I'm not saying you're wrong. I'm simply raising a counterpoint.
Most people don't change default settings. Therefore most people have a pretty crappy experience with all the gunk on facebook. Therefore people will get bored with it and you will have less reason to go yourself.
The app phenomenon on Facebook is all the more puzzling since it adds so little financially. This is something Gree and Mobage did quite well, eventually overshadowing Mixi because of all the revenue from in-house games, virtual goods and a cut of all platform revenue.
Direcly? Maybe. But indirectly people don't go to Farmville's site to play it, they do it in Facebook. So they kept all the people that knew Facebook was the place for cute (or not so cute) family pictures and offered them casual and social games.

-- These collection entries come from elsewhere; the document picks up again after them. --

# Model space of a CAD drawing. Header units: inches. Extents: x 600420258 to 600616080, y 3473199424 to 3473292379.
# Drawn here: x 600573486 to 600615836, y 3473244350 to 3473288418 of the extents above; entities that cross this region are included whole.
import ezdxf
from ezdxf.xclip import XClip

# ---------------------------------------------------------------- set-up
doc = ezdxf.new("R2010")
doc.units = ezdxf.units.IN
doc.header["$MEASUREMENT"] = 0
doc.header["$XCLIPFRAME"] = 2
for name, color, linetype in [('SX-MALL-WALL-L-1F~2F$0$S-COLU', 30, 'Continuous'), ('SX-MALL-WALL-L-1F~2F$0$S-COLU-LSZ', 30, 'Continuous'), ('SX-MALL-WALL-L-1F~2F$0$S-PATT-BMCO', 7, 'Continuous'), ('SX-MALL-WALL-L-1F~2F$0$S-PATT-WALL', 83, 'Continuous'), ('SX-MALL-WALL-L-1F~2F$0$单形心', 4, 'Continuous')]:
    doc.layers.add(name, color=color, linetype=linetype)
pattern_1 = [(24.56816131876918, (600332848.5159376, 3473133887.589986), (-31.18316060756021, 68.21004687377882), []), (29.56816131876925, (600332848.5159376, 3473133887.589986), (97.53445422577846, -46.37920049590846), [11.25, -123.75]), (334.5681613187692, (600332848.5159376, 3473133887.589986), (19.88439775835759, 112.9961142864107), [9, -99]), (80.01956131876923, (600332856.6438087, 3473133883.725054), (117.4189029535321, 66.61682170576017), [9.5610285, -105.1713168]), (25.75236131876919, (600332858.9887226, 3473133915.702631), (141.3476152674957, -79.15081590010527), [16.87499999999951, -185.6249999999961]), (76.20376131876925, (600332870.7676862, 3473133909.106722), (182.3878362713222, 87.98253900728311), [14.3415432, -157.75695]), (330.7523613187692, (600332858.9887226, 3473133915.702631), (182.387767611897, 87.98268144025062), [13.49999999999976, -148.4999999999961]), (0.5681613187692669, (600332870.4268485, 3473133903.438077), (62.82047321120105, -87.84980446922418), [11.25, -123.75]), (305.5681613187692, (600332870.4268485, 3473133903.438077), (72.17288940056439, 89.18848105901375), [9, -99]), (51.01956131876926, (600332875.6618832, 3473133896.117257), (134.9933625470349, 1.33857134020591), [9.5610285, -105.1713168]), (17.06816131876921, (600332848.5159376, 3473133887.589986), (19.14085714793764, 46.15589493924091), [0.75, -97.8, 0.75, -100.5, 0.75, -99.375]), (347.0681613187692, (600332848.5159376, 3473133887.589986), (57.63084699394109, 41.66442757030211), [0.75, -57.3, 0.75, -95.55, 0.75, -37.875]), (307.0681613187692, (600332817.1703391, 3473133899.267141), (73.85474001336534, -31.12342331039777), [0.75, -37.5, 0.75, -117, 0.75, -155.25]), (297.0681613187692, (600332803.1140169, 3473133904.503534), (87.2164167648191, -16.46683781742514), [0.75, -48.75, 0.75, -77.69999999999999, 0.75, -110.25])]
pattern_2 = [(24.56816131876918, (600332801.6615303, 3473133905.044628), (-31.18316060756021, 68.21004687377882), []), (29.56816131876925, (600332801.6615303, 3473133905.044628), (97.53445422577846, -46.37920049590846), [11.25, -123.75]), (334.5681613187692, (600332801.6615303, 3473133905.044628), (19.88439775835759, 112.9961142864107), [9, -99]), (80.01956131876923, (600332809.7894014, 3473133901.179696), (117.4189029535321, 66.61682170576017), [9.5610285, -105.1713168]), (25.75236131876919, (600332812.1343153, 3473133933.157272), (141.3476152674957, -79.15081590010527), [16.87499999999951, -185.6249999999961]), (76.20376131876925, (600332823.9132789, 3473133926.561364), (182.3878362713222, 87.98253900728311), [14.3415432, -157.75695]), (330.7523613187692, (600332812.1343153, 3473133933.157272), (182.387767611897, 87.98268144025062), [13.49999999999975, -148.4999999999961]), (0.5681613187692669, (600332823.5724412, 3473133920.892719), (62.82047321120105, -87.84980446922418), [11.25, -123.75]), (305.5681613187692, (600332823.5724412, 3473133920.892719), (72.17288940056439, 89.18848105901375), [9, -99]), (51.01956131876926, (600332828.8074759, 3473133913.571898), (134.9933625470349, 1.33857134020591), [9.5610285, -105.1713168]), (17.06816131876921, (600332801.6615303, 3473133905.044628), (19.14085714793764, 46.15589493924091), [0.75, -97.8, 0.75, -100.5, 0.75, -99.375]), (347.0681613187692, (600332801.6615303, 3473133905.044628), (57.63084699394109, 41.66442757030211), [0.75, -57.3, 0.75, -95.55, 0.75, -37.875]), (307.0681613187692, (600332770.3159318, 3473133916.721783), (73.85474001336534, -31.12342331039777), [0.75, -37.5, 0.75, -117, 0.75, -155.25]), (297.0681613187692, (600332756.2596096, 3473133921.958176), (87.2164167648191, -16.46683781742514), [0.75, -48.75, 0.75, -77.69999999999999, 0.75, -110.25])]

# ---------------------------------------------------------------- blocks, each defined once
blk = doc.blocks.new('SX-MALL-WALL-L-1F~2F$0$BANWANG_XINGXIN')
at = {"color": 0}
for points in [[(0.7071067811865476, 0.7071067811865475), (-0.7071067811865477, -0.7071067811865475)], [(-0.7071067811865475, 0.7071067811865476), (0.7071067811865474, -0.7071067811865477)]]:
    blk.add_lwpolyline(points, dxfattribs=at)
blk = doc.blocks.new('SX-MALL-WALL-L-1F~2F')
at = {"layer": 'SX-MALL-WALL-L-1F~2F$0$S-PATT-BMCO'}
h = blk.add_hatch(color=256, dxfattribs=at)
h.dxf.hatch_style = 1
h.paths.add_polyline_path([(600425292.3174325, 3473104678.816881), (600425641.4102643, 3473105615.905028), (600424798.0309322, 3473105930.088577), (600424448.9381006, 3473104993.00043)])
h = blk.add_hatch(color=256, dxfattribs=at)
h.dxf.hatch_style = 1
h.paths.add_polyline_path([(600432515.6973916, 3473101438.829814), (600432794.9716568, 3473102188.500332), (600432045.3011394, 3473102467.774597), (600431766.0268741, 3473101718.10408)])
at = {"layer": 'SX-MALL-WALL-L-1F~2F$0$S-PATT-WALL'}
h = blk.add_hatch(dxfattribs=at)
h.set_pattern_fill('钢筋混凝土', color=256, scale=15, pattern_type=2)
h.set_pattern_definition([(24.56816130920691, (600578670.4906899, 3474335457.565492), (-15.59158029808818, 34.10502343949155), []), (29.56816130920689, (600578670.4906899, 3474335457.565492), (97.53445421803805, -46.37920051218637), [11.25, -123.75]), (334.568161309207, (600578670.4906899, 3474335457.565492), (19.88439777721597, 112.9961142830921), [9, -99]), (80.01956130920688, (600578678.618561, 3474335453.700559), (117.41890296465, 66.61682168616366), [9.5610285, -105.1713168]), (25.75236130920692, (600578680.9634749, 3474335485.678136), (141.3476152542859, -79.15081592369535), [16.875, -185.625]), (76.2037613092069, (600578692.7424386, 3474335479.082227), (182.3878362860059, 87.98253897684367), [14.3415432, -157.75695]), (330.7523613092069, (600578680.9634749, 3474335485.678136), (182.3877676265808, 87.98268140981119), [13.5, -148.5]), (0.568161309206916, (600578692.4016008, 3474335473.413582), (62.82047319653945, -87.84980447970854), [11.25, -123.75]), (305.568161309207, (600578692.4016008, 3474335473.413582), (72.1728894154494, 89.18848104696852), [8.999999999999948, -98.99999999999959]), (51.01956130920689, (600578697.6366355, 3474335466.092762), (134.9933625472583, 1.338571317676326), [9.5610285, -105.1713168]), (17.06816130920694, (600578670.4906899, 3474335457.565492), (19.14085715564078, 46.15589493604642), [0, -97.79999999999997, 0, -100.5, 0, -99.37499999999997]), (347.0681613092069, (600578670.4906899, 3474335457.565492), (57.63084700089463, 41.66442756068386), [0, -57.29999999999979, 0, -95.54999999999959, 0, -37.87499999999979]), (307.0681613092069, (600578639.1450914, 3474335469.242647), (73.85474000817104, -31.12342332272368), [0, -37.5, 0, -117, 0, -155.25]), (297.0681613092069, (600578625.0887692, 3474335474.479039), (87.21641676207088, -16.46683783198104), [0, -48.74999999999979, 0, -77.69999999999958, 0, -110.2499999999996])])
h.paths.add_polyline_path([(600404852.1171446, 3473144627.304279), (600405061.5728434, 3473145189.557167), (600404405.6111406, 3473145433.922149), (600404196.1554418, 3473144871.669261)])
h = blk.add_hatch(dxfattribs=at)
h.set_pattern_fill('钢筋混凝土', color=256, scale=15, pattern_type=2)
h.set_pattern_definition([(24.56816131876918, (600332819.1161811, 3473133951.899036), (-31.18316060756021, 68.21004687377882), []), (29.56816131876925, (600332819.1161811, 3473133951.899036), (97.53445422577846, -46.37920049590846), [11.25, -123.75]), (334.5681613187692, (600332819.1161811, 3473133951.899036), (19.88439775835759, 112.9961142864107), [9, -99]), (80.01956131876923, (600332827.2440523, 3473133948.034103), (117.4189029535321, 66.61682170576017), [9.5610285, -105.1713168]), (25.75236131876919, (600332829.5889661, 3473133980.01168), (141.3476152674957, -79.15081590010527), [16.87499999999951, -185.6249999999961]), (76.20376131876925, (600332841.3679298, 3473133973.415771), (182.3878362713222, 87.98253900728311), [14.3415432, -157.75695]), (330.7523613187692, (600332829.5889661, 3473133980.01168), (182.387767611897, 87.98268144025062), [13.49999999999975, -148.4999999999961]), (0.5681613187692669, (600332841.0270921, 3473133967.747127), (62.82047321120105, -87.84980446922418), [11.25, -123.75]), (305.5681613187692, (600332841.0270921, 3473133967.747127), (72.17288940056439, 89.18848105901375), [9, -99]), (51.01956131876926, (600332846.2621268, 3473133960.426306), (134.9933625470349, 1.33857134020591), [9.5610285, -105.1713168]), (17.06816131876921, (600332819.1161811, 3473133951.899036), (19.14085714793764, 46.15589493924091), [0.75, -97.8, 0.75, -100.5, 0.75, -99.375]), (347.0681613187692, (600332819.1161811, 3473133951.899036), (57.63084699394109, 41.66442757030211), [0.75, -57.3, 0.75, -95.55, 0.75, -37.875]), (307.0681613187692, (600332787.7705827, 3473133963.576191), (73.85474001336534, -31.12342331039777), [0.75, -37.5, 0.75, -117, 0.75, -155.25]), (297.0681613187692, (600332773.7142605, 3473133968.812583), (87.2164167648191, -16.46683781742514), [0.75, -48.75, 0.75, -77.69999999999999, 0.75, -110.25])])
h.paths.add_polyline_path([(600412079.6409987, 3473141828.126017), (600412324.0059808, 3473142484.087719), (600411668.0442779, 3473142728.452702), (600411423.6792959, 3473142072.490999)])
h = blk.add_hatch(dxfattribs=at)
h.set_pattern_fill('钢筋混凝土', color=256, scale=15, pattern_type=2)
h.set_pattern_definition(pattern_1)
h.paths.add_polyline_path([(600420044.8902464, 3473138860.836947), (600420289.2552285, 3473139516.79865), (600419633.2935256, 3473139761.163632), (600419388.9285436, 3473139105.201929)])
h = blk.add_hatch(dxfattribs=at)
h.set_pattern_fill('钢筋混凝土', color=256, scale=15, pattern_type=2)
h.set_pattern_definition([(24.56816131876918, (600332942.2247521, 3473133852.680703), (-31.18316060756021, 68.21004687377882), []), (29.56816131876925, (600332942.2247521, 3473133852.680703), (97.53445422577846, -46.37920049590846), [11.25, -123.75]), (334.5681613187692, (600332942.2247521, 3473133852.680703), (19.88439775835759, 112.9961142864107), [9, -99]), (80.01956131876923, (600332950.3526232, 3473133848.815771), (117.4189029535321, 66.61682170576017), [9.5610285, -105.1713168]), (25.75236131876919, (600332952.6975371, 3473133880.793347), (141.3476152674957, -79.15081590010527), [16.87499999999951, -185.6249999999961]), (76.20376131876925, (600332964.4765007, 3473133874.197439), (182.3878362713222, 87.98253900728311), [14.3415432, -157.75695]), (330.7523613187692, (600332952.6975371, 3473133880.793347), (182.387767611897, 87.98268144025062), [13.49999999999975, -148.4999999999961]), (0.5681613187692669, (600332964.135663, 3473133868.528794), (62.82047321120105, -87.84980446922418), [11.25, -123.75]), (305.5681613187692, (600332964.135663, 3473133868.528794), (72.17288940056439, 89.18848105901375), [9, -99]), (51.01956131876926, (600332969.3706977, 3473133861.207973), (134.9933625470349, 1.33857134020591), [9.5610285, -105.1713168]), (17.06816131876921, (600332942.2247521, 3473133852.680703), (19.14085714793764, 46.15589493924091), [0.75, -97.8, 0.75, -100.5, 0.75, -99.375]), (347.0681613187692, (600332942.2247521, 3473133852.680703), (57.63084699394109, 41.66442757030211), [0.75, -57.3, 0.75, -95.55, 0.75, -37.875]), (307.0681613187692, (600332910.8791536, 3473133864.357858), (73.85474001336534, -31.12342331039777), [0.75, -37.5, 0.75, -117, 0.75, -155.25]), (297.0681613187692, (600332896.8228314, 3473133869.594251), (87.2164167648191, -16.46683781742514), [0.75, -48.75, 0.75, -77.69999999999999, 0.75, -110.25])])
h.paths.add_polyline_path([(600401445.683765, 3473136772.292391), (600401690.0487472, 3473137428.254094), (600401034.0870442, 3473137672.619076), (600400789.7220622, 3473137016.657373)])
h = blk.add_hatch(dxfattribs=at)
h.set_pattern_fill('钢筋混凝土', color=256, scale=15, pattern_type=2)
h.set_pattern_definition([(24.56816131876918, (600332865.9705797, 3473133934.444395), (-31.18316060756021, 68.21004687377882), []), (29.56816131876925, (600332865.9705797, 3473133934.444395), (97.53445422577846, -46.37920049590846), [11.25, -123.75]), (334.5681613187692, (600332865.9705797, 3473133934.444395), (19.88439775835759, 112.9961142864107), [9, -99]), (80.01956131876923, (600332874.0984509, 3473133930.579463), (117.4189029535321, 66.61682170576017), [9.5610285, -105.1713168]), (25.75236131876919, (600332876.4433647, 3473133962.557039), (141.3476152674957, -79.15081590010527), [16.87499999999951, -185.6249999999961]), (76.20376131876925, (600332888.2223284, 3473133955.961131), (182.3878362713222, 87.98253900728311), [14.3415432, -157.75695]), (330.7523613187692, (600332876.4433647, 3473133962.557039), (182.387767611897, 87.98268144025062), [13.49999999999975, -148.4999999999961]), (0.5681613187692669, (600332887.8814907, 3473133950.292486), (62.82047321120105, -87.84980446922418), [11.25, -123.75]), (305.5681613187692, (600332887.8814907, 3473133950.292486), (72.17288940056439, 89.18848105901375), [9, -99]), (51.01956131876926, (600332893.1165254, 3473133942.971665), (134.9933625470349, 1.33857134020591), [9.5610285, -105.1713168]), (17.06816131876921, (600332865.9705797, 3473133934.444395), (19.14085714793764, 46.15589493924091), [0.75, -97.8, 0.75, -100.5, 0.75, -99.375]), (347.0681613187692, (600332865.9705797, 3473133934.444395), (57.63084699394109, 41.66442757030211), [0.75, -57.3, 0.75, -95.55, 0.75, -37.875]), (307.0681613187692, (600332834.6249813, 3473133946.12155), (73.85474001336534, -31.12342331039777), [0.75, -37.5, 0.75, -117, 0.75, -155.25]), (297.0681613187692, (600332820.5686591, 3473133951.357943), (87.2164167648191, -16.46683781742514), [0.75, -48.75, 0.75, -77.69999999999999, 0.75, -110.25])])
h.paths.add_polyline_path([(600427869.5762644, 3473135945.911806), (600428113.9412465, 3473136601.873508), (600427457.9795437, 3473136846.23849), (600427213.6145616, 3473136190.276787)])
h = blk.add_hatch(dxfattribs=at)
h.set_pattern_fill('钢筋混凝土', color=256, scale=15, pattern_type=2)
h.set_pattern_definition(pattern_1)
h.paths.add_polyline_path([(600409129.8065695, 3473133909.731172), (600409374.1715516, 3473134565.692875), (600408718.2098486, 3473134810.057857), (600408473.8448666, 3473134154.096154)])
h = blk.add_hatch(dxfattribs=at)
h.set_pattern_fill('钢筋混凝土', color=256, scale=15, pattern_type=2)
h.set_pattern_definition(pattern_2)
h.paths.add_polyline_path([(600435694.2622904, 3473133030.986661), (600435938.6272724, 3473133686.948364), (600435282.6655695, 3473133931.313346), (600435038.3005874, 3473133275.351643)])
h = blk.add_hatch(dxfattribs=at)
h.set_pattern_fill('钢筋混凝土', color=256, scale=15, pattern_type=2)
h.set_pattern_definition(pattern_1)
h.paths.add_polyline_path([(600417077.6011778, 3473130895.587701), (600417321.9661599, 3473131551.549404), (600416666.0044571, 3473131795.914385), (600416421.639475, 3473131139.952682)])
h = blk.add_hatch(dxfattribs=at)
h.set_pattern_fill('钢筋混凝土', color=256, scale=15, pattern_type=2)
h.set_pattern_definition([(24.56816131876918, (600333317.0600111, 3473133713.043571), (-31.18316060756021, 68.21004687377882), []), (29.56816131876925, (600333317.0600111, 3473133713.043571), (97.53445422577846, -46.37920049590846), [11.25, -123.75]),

Google is the internet but Facebook is what you do on the internet.
Until someone is a better social networking site than Facebook, they are in no danger of "becoming Yahoo." And I don't think that's going to happen anytime soon - and maybe not ever. Facebook may become "boring," but only in the sense that all of your utilities are boring. You rely on them, but they cease to be exciting, and instead just become part of the background of things that you take for granted. This is very different from Yahoo, which is boring because it's irrelevant.